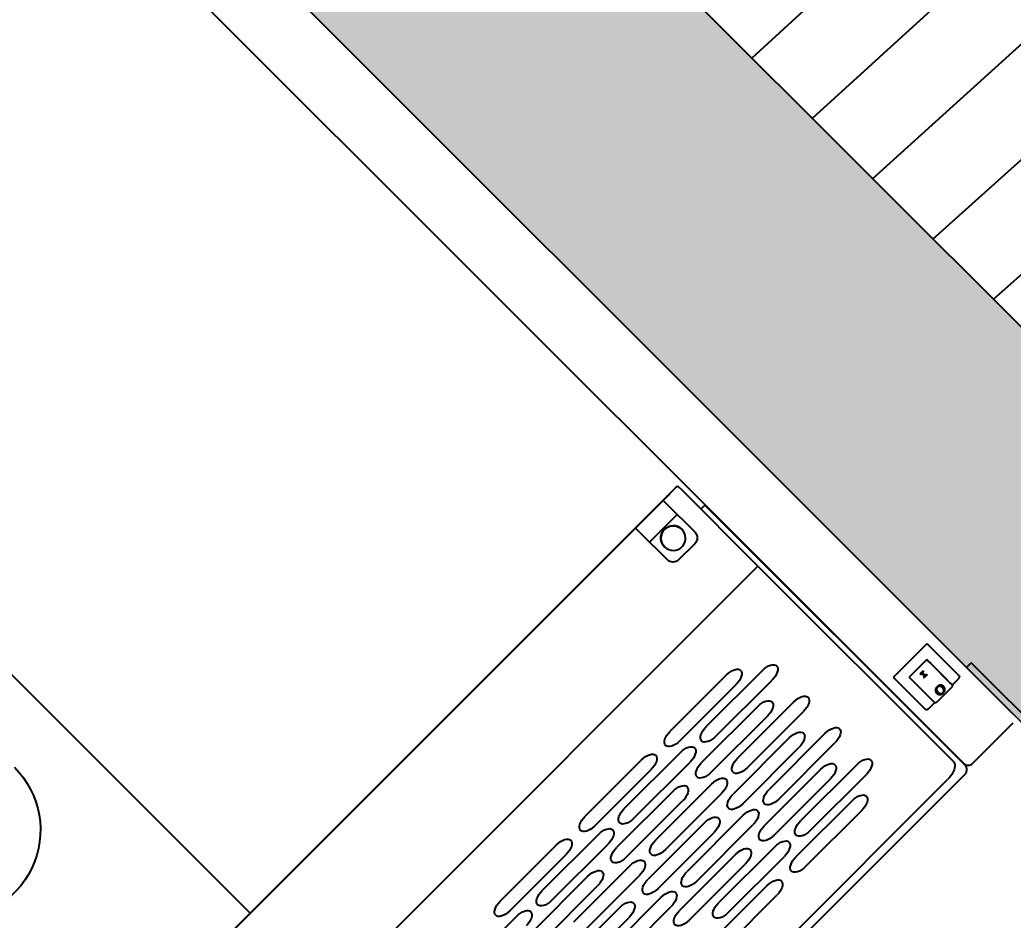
# Model space of a CAD drawing. Header units: millimetres. Extents: x 396580293 to 396624419, y 2853145456 to 2853176656.
# Drawn here: x 396593516.4 to 396593871.9, y 2853159746.6 to 2853160068.9 of the extents above; entities that cross this region are included whole.
import ezdxf

# ---------------------------------------------------------------- set-up
doc = ezdxf.new("R2010")
doc.units = ezdxf.units.MM
doc.header["$LTSCALE"] = 800
doc.header["$MEASUREMENT"] = 0
doc.layers.add('45_A-WALL_CLAD_Pen_No__100', color=2, linetype='Continuous', lineweight=13)
for name, color, linetype in [('BK FAB', 130, 'Continuous'), ('DIM', 55, 'Continuous'), ('FLOORING', 61, 'Continuous'), ('KPLAN-FAB', 4, 'Continuous')]:
    doc.layers.add(name, color=color, linetype=linetype)
doc.styles.add('ARIAL', font='arial.ttf')
doc.dimstyles.new('dim-50', dxfattribs={"dimscale": 50, "dimtxt": 2, "dimasz": 2, "dimexe": 1, "dimexo": 1, "dimgap": 1, "dimtad": 1, "dimdec": 0, "dimrnd": 5, "dimdsep": 46, "dimtxsty": 'ARIAL', "dimcen": 1, "dimdle": 1, "dimclrd": 1, "dimclre": 1, "dimclrt": 3, "dimadec": 0, "dimazin": 0, "dimtfac": 0.1, "dimtdec": 0, "dimtix": 1, "dimtmove": 1, "dimatfit": 3, "dimfxl": 1, "dimtvp": 1.5, "dimfrac": 2, "dimtolj": 1, "dimtzin": 0, "dimarcsym": 0})

# ---------------------------------------------------------------- blocks, each defined once
blk = doc.blocks.new('*D35')
at = {"layer": 'Defpoints', "color": 0, "transparency": 16777216}
for p in [(396596479.7109259, 2853164763.487658), (396596365.0799956, 2853163678.118589), (396596479.7109259, 2853163563.487659), (396596479.7109259, 2853163563.487659), (396590053.2577437, 2853157137.034474)]:
    blk.add_point(p, dxfattribs=at)
at = {"layer": 'DIM', "color": 1, "lineweight": -2, "transparency": 16777216}
blk.add_arc((396596479.7109259, 2853163563.487659), 162.1126163420246, 125.9289879321951, 189.0710120789823, dxfattribs=at)
at = {"layer": 'DIM', "color": 1, "transparency": 16777216}
for points in [[(396596379.4456835, 2853163710.611649), (396596389.7266023, 2853163678.903388), (396596479.710926, 2853163725.600275)], [(396596334.471156, 2853163545.50494), (396596304.7803221, 2853163530.353521), (396596365.0799957, 2853163448.856728)]]:
    blk.add_solid(points, dxfattribs=at)
at = {"layer": 'DIM', "color": 3, "transparency": 16777216, "insert": (396596236.5421175, 2853163664.211477), "char_height": 100, "attachment_point": 5, "rotation": 67.50000000425132, "style": 'ARIAL'}
blk.add_mtext('\\A1;135°', dxfattribs=at)
blk = doc.blocks.new('A$C4CDB6190')
for p, q in [((5.633426663890531, 308.5558947458074), (5.63342666389326, 807.2799104131497)), ((30.63342666389053, 308.6133753319773), (30.63342666389281, 757.2799104131495)), ((249.1334266638901, 347.2126256404185), (249.1334266639219, 757.279910413147)), ((32.78342666390154, 347.2005301001066), (32.78342666390154, 347.1929703874073)), ((40.13342666390599, 347.1929703874073), (32.78342666390154, 347.1929703874075)), ((32.78342666390154, 347.1929703874075), (32.78342666390154, 344.9384391317331)), ((32.78342666390108, 344.9384391317333), (32.78342666390063, 308.4615020030522)), ((686.783426663901, 347.2126256404165), (38.78342666390108, 347.2126256404251)), ((40.13342666390599, 347.1929703874073), (40.13342666390599, 344.9384391317328)), ((54.13342666390599, 347.1929703874073), (40.13342666390599, 347.1929703874075)), ((40.13342666390554, 331.1884670713973), (40.13342666390599, 344.9384391317328)), ((54.13342666390599, 344.9384391317328), (54.13342666390599, 347.1929703874071)), ((280.7834266639093, 347.1929703874043), (54.13342666390599, 347.1929703874071)), ((54.13342666390599, 344.9384391317328), (54.13342666390554, 331.1884670713971)), ((54.13342666390327, 340.0969777986913), (40.13342666390326, 340.0969777986916)), ((54.13342666390327, 340.0944578944582), (40.13342666390326, 340.0944578944584)), ((30.78342666389926, 203.8873771976332), (30.7834266638979, 335.451861924912)), ((30.78342666389744, 335.451861924912), (32.78342666390108, 335.451861924912)), ((42.71382666389491, 335.0928807162997), (42.71382666389536, 335.0944680543744)), ((51.55302666389525, 335.0928807162247), (51.55302666389525, 335.0944680542989)), ((43.13342666390553, 328.188473167324), (43.13342666390553, 328.1909930715569)), ((43.13342666390553, 328.1909930715569), (51.13342666390554, 328.1909930715567)), ((51.13342666390554, 328.188473167324), (43.13342666390553, 328.1884731673242)), ((51.13342666390554, 328.1909930715567), (51.13342666390554, 328.1884731673238)), ((5.633426663890986, 204.5299104131455), (5.633426663890531, 308.5558947458074)), ((30.63342666389099, 308.6133753319771), (30.63342666389144, 308.5263894410293)), ((30.63342666389099, 204.5565371068707), (30.63342666389144, 308.5263894410293)), ((32.78342666390063, 308.4615020030522), (32.78342666390063, 306.5350791990882)), ((32.78342666390063, 306.5350791990882), (32.78342666390245, 207.6065611558179)), ((692.7834266639002, 306.5350791990795), (32.78342666390063, 306.5350791990882)), ((68.30842666390072, 286.9756889288649), (96.78342666390108, 286.9756889288644)), ((111.3084266639011, 286.9756889288644), (139.7834266639011, 286.975688928864)), ((154.3084266639011, 286.9756889288638), (182.783426663901, 286.9756889288635)), ((96.78342666390108, 282.0864202775474), (68.30842666390117, 282.0864202775478)), ((139.7834266639011, 282.0864202775467), (111.3084266639011, 282.0864202775472)), ((182.783426663901, 282.0864202775463), (154.3084266639011, 282.0864202775467)), ((58.0459266639009, 279.0206820077324), (86.5209266639008, 279.0206820077322)), ((99.54592666390091, 279.0206820077322), (128.0209266639008, 279.0206820077317)), ((141.0459266639004, 279.0206820077315), (169.5209266639003, 279.020682007731)), ((182.5459266639004, 279.0206820077308), (211.0209266639003, 279.0206820077306)), ((86.5209266639008, 274.1314133564151), (58.0459266639009, 274.1314133564156)), ((128.0209266639008, 274.1314133564147), (99.54592666390091, 274.1314133564151)), ((169.5209266639008, 274.131413356414), (141.0459266639009, 274.1314133564145)), ((68.30842666390117, 271.0631085413761), (96.78342666390108, 271.0631085413756)), ((111.3084266639011, 271.0631085413756), (139.7834266639011, 271.0631085413752)), ((154.3084266639011, 271.0631085413752), (182.7834266639015, 271.063108541375)), ((58.0459266639009, 263.1081016202438), (86.5209266639008, 263.1081016202435)), ((96.78342666390154, 266.1738398900587), (68.30842666390117, 266.1738398900591)), ((99.54592666390091, 263.1081016202434), (128.0209266639008, 263.108101620243)), ((139.7834266639015, 266.1738398900582), (111.3084266639011, 266.1738398900585)), ((141.0459266639009, 263.1081016202428), (169.5209266639008, 263.1081016202425)), ((182.7834266639015, 266.1738398900575), (154.3084266639011, 266.1738398900581)), ((86.52092666390126, 258.2188329689265), (58.04592666390135, 258.2188329689268)), ((128.0209266639008, 258.2188329689258), (99.54592666390091, 258.2188329689261)), ((169.5209266639008, 258.2188329689252), (141.0459266639009, 258.2188329689258)), ((68.30842666390163, 255.1505281538875), (96.78342666390154, 255.1505281538871)), ((111.3084266639016, 255.150528153887), (139.7834266639015, 255.1505281538866)), ((154.3084266639016, 255.1505281538864), (182.7834266639015, 255.1505281538861)), ((96.78342666390154, 250.2612595025701), (68.30842666390163, 250.2612595025705)), ((139.7834266639015, 250.2612595025696), (111.3084266639016, 250.2612595025699)), ((182.7834266639015, 250.2612595025688), (154.3084266639016, 250.2612595025693)), ((58.04592666390135, 247.195521232755), (86.52092666390126, 247.1955212327547)), ((99.54592666390135, 247.1955212327547), (128.0209266639008, 247.1955212327543)), ((141.0459266639013, 247.195521232754), (169.5209266639012, 247.1955212327537)), ((9.63342666388371, 244.135188243196), (9.63342666388371, 243.6202659414404)), ((9.63342666388371, 244.135188243196), (26.67342666388368, 244.1351882431952)), ((9.63342666388371, 243.6202659414406), (9.633426663882801, 227.5331604787349)), ((26.67342666388368, 244.1351882431955), (26.67342666388322, 243.6202659414398)), ((26.67342666388277, 227.5331604787343), (26.67342666388322, 243.6202659414401)), ((86.52092666390126, 242.3062525814377), (58.04592666390135, 242.3062525814382)), ((128.0209266639012, 242.3062525814372), (99.54592666390135, 242.3062525814375)), ((169.5209266639012, 242.3062525814366), (141.0459266639013, 242.306252581437)), ((13.63342666388325, 229.7127073477077), (13.63342666388325, 240.1534133180787)), ((13.63342666388325, 240.1534133180787), (22.67342666388322, 240.1534133180784)), ((13.70342666388342, 240.1534133180786), (13.70342666388342, 239.7801204056783)), ((13.70342666388342, 239.09436396517), (13.70342666388342, 239.7801204056783)), ((13.70342666388342, 239.09436396517), (13.70342666388342, 238.1431876863049)), ((17.48615581839658, 238.2802802634719), (17.48615581839658, 238.0228191125942)), ((17.48615581839658, 238.2802802634719), (19.06130030024224, 238.2802802634719)), ((19.06130030024224, 238.2802802634719), (19.06130030024224, 238.0228191125942)), ((22.60342666388305, 239.7801204056782), (22.60342666388305, 240.1534133180784)), ((22.60342666388305, 239.780120405678), (22.60342666388305, 239.0943639651697)), ((22.60342666388305, 238.1431876863046), (22.60342666388305, 239.0943639651697)), ((22.67342666388322, 240.1534133180784), (22.67342666388277, 229.7127073477073)), ((68.30842666390163, 239.2379477663989), (96.78342666390154, 239.2379477663985)), ((111.3084266639016, 239.2379477663983), (139.7834266639015, 239.2379477663979)), ((13.70342666388342, 238.1431876863049), (13.70342666388296, 228.4274743330192)), ((17.48615581839658, 237.9708947881419), (17.48615581839658, 238.0228191125945)), ((17.48615581839658, 236.4601223657684), (17.48615581839658, 236.2781618109907)), ((17.48615581839658, 236.2262374865381), (17.48615581839658, 236.2781618109907)), ((19.06130030024224, 236.2262374865381), (17.48615581839658, 236.2262374865381)), ((18.00349685004858, 236.4606387226378), (18.00349685004858, 237.7943520850033)), ((18.54395926858979, 237.7943520850033), (18.54395926858979, 236.4606387226378)), ((19.06130030024224, 238.0228191125942), (19.06130030024224, 237.9708947881417)), ((19.06130030024224, 236.4601223657684), (19.06130030024224, 236.2781618109907)), ((19.06130030024224, 236.2781618109905), (19.06130030024224, 236.2262374865379)), ((22.60342666388305, 228.4274743330192), (22.60342666388351, 238.1431876863047)), ((58.04592666390135, 231.2829408452665), (86.52092666390126, 231.2829408452661)), ((96.78342666390154, 234.3486791150815), (68.30842666390163, 234.3486791150819)), ((99.54592666390135, 231.2829408452659), (128.0209266639012, 231.2829408452655)), ((139.7834266639015, 234.3486791150809), (111.3084266639016, 234.3486791150813)), ((5.633426663891441, 228.1497104131461), (3.28342666390381, 228.149710413146)), ((3.28342666390381, 222.1497104131458), (3.28342666390381, 228.149710413146)), ((10.3834266638828, 227.2744893851087), (9.633426663882801, 227.5331604787349)), ((13.63342666388325, 230.8712825266573), (13.70342666388296, 230.8712825266573)), ((13.70342666388296, 229.7127073477077), (13.63342666388325, 229.7127073477077)), ((13.70342666388296, 228.4274743330192), (13.70342666388296, 227.5326651126019)), ((13.70342673540881, 227.532665251272), (13.70342673540881, 227.3025042193723)), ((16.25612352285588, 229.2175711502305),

——

■ Work item:
Where a line in the records above holds the string "lineweight", it counts toward the total; give that total alone.

■ Answer area:
2